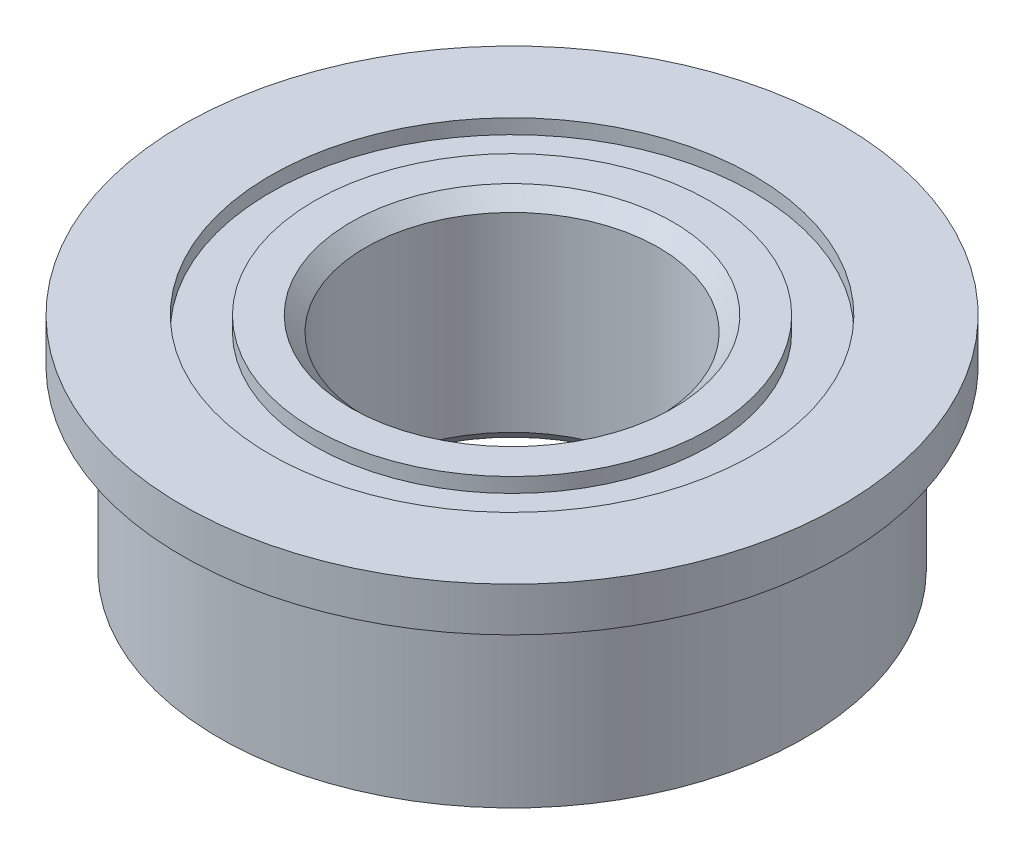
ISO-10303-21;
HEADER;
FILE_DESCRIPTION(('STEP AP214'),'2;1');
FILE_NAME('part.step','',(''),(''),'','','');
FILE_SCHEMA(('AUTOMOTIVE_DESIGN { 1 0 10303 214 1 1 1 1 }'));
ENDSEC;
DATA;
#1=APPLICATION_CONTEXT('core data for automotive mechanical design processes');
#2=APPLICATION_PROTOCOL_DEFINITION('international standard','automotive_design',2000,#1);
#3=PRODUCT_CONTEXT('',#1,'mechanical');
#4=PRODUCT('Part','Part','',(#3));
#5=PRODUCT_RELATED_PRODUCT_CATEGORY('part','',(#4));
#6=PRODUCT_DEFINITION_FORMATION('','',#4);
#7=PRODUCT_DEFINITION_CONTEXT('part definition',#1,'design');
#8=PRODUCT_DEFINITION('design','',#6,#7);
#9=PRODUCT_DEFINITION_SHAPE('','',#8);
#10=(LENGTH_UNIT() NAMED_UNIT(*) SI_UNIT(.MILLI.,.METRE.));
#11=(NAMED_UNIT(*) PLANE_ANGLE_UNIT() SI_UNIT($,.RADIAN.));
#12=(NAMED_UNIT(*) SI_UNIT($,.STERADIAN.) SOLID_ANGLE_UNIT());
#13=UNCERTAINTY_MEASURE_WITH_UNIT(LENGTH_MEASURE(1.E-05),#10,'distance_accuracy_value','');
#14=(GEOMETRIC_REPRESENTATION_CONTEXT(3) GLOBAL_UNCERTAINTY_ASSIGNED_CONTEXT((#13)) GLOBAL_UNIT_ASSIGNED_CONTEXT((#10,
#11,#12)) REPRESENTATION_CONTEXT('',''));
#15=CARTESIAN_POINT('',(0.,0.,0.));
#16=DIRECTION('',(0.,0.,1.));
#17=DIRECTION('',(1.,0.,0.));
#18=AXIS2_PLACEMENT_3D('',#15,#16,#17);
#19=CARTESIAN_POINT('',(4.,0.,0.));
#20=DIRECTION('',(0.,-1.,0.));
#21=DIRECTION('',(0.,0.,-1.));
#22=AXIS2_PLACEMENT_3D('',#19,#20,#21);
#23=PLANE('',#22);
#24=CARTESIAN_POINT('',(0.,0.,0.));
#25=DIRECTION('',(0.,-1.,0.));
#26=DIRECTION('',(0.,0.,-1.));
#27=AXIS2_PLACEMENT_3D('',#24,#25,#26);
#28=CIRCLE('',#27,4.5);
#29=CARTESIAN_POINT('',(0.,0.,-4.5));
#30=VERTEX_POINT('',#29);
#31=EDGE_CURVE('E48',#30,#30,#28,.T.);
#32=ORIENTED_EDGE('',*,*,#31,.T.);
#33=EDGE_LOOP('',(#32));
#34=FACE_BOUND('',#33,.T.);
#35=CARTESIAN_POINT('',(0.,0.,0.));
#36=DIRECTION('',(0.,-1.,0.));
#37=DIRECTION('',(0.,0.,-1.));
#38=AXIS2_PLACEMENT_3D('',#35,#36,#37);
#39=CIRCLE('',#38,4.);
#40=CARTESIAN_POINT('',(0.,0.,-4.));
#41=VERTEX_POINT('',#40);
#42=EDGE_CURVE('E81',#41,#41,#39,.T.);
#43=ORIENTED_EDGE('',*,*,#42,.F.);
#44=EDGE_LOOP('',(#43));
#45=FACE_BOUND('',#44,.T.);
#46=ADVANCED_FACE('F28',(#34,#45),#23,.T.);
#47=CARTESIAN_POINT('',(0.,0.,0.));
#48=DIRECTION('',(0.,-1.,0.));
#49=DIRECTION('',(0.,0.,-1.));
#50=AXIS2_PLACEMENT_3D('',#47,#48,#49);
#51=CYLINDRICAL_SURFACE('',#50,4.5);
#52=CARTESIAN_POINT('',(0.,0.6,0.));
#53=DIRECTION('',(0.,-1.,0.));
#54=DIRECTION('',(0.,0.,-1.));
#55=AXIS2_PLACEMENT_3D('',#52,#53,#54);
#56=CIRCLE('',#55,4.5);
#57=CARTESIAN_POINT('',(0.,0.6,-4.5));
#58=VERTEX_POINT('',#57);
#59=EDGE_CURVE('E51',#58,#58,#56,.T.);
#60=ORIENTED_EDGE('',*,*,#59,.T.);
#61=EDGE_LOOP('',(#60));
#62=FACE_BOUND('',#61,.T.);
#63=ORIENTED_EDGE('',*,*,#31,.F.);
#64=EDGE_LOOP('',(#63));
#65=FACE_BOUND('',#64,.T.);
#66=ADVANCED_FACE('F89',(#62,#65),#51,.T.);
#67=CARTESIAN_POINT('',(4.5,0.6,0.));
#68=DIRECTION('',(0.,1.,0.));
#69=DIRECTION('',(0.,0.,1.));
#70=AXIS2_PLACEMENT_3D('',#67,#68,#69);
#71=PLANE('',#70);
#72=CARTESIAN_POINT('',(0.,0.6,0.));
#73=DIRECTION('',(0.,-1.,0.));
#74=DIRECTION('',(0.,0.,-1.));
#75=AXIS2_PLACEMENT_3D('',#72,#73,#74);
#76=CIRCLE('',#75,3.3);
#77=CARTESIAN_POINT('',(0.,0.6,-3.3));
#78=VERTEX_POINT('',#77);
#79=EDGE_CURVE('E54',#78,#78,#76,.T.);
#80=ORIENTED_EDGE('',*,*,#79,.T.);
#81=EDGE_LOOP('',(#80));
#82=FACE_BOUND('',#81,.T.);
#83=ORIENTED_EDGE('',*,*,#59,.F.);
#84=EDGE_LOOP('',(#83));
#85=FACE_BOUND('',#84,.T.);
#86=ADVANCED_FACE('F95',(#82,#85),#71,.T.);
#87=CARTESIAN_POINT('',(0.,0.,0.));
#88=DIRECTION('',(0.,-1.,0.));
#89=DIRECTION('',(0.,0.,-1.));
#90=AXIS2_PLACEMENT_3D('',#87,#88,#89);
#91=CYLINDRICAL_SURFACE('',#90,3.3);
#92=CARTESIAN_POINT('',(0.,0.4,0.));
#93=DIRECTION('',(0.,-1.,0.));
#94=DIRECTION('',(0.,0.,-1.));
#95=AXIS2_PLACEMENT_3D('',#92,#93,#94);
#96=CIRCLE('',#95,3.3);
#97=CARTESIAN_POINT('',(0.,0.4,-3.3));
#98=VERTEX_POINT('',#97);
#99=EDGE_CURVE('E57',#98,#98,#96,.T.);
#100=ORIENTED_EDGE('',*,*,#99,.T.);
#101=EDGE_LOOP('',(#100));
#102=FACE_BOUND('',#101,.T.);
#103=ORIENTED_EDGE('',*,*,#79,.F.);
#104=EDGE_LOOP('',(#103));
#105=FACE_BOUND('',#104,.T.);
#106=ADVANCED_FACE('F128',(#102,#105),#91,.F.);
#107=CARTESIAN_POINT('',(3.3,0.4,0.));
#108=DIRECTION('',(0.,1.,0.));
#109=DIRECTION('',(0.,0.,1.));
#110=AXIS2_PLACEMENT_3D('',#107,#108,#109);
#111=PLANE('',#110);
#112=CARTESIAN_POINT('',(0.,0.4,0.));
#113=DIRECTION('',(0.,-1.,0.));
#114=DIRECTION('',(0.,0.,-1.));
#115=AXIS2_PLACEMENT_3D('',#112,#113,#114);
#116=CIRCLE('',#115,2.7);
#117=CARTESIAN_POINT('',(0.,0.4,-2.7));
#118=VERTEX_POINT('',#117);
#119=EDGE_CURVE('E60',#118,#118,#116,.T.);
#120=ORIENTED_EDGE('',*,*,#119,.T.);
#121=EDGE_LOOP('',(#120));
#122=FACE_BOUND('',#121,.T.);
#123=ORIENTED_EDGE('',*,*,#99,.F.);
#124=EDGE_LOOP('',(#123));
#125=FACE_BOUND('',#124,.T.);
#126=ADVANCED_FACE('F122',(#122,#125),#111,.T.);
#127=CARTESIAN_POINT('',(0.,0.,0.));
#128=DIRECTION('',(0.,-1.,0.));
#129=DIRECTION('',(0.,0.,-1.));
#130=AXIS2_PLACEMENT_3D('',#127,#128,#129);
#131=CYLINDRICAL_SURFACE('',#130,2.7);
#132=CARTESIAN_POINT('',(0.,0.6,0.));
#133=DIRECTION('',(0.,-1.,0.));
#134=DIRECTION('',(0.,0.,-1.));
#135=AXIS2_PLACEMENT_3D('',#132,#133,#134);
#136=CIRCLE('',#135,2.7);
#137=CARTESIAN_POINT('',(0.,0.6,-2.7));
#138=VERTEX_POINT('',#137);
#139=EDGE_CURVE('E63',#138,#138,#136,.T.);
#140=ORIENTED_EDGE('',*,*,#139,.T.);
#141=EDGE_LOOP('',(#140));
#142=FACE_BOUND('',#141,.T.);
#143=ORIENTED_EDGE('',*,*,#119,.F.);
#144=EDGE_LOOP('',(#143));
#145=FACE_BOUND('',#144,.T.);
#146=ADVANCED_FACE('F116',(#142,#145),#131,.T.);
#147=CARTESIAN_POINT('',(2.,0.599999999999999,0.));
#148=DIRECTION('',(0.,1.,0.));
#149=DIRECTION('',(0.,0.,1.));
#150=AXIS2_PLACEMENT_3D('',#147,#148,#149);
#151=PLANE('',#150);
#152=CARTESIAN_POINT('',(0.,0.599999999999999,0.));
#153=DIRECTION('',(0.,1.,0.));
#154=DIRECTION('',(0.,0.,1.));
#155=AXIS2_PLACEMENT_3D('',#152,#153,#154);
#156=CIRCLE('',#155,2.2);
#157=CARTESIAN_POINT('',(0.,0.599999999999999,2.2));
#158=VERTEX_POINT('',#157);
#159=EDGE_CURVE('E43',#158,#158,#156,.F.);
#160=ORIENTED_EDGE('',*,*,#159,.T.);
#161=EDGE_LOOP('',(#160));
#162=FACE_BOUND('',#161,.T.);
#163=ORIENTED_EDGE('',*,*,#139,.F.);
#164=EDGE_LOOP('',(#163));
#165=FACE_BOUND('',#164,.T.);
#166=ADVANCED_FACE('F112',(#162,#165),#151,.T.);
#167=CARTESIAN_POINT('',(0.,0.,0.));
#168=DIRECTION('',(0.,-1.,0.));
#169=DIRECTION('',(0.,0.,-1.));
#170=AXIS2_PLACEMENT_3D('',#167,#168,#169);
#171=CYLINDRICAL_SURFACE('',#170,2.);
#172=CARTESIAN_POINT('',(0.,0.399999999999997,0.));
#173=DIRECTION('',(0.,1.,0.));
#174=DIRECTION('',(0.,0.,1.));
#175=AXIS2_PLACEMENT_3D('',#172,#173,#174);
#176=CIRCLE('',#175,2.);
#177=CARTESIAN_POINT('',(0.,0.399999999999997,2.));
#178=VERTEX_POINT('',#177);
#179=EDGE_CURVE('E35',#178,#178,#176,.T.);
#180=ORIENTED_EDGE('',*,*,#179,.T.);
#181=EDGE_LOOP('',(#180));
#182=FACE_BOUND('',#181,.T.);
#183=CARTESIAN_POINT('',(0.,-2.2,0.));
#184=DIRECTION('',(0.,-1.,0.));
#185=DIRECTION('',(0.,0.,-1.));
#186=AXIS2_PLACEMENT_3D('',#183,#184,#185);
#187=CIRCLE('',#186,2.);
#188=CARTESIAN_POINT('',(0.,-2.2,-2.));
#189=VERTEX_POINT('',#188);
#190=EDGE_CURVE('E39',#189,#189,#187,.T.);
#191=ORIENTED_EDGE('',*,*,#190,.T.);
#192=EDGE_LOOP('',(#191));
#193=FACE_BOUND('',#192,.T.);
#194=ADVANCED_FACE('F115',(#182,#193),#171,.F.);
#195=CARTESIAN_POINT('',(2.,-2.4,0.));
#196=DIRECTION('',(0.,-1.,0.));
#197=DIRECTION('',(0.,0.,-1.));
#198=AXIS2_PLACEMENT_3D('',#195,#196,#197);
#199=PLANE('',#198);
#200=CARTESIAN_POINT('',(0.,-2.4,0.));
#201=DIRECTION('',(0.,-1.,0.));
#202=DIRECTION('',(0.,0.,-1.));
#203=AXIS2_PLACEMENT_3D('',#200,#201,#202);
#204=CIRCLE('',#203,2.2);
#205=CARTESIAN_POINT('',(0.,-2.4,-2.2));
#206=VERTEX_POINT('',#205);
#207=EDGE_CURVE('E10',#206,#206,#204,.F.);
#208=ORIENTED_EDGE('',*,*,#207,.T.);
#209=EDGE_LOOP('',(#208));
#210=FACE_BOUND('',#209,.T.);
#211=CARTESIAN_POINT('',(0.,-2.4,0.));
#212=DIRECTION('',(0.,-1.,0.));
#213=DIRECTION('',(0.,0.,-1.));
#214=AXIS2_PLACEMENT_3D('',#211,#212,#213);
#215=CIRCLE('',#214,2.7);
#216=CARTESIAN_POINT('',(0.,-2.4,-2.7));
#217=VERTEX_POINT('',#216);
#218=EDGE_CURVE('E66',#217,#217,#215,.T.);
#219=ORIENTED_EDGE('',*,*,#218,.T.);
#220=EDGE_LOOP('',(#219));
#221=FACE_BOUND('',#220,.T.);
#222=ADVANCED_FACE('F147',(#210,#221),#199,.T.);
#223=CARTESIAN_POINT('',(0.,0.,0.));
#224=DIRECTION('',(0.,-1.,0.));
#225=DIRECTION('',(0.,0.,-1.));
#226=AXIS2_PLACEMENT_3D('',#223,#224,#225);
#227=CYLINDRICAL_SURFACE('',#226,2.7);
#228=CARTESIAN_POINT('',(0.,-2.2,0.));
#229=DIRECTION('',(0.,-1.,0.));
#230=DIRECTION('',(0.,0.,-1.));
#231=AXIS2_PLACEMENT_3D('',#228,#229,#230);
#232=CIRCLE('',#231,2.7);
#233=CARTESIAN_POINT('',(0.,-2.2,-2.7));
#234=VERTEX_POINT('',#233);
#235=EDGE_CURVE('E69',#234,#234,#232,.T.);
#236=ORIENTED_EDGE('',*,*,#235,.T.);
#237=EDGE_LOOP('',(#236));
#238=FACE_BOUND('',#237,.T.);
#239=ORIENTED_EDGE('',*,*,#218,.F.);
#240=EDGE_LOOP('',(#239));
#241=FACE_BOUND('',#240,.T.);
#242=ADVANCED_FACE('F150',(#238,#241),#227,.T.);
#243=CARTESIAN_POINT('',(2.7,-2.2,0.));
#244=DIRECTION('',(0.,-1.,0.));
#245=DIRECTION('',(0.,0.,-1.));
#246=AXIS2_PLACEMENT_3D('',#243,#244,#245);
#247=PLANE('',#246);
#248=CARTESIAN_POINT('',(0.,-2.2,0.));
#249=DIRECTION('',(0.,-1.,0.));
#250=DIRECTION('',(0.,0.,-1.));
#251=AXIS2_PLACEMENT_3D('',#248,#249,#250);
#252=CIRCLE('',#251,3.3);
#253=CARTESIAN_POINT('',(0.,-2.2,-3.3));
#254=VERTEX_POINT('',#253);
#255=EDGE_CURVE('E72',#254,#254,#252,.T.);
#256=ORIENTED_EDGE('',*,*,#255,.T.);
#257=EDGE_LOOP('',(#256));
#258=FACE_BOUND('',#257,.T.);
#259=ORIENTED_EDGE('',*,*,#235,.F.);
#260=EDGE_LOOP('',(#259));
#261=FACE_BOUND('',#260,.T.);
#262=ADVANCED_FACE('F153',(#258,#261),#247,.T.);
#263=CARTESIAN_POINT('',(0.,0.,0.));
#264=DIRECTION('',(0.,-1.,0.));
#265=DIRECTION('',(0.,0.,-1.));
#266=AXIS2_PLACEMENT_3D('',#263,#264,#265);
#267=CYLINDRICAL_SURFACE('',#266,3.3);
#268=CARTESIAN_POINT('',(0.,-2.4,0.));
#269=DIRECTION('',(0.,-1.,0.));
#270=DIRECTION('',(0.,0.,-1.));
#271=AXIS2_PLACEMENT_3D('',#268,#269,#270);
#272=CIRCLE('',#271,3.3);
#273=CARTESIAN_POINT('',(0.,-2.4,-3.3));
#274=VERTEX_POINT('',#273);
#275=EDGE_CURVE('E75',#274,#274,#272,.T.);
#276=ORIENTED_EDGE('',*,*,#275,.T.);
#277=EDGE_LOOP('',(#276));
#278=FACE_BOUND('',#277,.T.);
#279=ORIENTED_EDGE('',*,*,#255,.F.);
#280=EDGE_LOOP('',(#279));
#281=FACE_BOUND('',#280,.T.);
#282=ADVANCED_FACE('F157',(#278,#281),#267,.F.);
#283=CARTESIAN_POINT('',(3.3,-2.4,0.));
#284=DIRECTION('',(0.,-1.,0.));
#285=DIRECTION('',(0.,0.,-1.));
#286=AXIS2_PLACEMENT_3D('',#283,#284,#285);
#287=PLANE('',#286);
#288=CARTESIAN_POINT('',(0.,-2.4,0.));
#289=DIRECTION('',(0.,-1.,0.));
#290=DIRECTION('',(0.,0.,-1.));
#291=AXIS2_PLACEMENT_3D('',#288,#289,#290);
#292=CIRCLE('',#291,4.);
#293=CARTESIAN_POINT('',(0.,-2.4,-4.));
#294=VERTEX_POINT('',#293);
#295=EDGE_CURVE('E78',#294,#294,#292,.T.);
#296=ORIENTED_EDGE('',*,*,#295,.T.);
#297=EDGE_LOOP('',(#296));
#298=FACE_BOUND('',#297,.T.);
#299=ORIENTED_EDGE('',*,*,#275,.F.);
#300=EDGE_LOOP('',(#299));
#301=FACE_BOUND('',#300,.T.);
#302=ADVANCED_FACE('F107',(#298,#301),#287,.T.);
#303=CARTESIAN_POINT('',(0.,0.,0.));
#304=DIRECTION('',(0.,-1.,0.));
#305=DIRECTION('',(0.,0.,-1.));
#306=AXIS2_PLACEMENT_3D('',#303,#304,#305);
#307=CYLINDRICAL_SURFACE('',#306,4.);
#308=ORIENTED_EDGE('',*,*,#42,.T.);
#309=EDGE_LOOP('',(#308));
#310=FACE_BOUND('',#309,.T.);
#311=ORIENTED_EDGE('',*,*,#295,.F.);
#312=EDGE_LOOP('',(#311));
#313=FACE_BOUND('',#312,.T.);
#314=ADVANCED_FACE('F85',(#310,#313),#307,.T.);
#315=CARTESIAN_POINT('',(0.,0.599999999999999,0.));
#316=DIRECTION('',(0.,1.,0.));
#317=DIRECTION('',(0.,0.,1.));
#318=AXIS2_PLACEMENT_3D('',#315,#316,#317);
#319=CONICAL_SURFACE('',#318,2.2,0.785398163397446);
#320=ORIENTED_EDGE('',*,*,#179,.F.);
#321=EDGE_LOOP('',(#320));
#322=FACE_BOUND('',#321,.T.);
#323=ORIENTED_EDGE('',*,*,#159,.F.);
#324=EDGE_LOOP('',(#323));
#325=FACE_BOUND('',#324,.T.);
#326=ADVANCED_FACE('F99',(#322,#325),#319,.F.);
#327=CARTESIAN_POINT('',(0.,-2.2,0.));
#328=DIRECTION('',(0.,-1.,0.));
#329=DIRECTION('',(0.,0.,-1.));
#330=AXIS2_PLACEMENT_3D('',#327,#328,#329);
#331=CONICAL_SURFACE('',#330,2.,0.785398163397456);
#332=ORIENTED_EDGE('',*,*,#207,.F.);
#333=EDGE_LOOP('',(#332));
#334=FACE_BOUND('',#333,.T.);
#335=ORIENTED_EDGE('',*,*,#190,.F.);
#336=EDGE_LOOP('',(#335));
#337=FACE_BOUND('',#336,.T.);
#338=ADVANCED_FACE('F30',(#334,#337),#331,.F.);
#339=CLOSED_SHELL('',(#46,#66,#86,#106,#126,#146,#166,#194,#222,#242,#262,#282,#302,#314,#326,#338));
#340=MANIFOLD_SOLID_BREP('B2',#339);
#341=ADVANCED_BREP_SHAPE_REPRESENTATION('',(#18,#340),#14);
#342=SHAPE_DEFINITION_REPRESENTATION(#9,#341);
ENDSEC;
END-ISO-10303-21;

====

Only the lines from the one containing "#216=CARTESIAN_POINT('',(0.,-2.4,-2.7));" through the one containing "#222=ADVANCED_FACE('F147',(#210,#221),#199,.T.);" are to be retyped, both boundary lines included, with no other material.

#216=CARTESIAN_POINT('',(0.,-2.4,-2.7));
#217=VERTEX_POINT('',#216);
#218=EDGE_CURVE('E66',#217,#217,#215,.T.);
#219=ORIENTED_EDGE('',*,*,#218,.T.);
#220=EDGE_LOOP('',(#219));
#221=FACE_BOUND('',#220,.T.);
#222=ADVANCED_FACE('F147',(#210,#221),#199,.T.);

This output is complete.